The key agreement for purposes of this motion to dismiss is a Mutual Release and Covenant Not to Sue that Cooper and Evertz entered into on March 10, 2008 ("the Cooper Agreement"). R. 1-1. The Cooper Agreement binds third-parties to whom "Cooper assigns or licenses any of the Cooper Patents." R. 1-1 ¶ 9. The Cooper Agreement contains two provisions central to Evertz's motion to dismiss. The first is a release in paragraph 2:

2. Cooper hereby releases Evertz with respect to any and all claims that he could have brought in any proceeding against Evertz for infringement of any existing patent presently or formerly owned or controlled by him or by any company owned or controlled by him or that might hereafter revert to him ("Cooper Patent"), with respect to any past, present or future products, methods, services, or systems of Evertz that previously, currently, or in the future are made, used, sold, offered for sale, imported or exported by Evertz.
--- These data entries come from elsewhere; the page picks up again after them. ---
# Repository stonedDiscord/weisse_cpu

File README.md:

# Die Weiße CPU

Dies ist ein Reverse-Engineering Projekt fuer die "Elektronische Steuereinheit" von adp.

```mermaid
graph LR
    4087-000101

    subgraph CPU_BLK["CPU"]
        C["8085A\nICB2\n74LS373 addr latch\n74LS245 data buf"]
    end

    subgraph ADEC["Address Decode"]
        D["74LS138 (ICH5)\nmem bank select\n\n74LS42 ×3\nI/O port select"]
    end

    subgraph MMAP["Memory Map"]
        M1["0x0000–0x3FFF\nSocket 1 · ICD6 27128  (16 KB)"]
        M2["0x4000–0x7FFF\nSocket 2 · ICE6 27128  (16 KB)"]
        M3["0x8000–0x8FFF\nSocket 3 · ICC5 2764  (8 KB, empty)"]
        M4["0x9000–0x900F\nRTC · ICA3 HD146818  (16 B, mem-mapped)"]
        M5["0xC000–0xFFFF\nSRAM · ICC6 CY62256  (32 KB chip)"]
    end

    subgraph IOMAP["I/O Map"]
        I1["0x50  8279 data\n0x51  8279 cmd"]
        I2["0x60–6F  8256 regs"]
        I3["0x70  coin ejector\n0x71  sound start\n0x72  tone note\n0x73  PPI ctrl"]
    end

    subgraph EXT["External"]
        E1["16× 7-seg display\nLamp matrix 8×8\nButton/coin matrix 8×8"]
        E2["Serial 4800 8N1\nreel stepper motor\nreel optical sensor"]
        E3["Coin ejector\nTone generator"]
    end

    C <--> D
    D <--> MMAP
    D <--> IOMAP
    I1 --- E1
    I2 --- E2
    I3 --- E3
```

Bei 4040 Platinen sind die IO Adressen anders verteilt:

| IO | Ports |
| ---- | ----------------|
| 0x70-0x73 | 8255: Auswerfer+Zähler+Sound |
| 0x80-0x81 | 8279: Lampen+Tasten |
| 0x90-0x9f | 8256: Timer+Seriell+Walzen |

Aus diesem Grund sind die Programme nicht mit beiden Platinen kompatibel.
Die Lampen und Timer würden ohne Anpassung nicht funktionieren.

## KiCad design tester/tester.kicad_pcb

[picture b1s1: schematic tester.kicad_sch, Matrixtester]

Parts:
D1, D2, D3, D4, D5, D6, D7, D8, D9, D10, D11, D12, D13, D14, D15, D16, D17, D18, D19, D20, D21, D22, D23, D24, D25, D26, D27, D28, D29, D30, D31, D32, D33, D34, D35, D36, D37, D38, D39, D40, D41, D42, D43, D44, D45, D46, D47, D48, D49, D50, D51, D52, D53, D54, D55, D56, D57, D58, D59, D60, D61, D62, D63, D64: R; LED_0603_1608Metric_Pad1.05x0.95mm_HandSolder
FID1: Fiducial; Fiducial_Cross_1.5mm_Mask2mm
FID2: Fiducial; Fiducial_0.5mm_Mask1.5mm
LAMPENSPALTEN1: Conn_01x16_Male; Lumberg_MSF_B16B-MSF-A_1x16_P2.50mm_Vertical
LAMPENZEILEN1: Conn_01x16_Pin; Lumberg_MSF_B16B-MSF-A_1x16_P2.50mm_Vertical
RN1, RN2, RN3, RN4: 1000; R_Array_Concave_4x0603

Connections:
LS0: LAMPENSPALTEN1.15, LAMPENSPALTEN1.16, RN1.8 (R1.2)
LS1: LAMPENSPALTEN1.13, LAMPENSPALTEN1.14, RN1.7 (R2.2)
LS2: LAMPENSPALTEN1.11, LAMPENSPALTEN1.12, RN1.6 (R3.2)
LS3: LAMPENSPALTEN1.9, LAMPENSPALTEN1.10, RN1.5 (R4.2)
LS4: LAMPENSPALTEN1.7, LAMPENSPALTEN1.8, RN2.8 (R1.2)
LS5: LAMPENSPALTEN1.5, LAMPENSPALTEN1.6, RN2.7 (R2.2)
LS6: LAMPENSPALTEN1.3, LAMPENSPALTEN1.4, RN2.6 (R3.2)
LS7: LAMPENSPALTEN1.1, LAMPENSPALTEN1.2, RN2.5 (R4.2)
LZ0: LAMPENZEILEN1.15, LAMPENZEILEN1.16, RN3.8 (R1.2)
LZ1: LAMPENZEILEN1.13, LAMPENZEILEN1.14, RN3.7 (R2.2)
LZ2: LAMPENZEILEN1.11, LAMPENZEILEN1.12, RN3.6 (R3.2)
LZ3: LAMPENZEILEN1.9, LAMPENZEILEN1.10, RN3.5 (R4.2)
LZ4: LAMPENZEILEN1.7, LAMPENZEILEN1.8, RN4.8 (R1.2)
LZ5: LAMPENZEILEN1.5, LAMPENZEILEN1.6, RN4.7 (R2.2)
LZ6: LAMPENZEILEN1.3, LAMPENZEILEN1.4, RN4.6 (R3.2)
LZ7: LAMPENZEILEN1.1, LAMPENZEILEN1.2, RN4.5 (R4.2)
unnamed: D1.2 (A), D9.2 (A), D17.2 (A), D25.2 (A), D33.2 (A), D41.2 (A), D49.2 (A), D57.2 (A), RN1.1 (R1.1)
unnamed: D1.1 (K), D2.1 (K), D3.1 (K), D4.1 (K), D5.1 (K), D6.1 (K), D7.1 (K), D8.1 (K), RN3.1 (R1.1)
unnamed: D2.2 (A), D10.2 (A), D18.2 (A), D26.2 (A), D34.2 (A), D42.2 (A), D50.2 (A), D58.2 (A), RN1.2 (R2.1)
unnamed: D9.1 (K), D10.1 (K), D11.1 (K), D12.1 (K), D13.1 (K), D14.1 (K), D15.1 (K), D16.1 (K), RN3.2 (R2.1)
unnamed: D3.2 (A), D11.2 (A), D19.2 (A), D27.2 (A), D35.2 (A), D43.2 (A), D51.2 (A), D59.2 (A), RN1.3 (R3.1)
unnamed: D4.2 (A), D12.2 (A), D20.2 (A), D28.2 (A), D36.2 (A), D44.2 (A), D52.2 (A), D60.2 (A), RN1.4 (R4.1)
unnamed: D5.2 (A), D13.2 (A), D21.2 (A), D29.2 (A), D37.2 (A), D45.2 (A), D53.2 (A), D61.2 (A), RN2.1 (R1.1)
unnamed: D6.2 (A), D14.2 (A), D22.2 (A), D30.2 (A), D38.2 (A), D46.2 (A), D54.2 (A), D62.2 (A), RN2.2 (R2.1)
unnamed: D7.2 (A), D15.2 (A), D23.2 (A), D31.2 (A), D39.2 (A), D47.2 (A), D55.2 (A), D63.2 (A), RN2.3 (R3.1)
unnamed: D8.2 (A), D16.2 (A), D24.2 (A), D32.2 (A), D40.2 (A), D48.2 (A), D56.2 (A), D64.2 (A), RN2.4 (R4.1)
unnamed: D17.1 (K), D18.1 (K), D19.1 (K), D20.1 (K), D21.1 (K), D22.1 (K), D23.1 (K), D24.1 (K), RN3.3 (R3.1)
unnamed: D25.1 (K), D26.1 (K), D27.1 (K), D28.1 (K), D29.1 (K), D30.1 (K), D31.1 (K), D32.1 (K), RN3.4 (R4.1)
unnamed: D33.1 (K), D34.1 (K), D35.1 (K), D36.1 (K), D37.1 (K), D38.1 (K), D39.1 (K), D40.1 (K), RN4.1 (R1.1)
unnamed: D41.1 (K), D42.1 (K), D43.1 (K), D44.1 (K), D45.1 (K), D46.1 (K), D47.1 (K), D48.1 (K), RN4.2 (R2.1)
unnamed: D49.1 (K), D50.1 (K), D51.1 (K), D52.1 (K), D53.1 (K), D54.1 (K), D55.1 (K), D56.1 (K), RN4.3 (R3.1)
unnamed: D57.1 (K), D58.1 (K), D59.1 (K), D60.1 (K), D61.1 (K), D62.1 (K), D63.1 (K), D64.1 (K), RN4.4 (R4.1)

Id. ¶ 2. The second is a covenant in paragraph 4:

4. Cooper hereby covenants that neither he nor any company owned or controlled by him will bring suit, initiate any proceeding or otherwise assert any claim, assist voluntarily in the prosecution of any claim, or receive or direct to any third party any payments arising from the prosecution or settlement of any claim, apart from payments arising from the Licensing Agreements, against Evertz or its affiliates or its affiliates, customers, distributors, resellers, OEMs or end-users of its past or current products, methods, services or systems before any court or administrative agency in any country in the world, based upon or arising out of any Cooper Patent.

Id. ¶ 4. Reading these provisions together, in paragraph 4 Cooper covenants not to bring lawsuits "based upon or arising out of any Cooper Patent," and "Cooper Patent" is defined in paragraph 2 as "any existing patent" meeting certain criteria.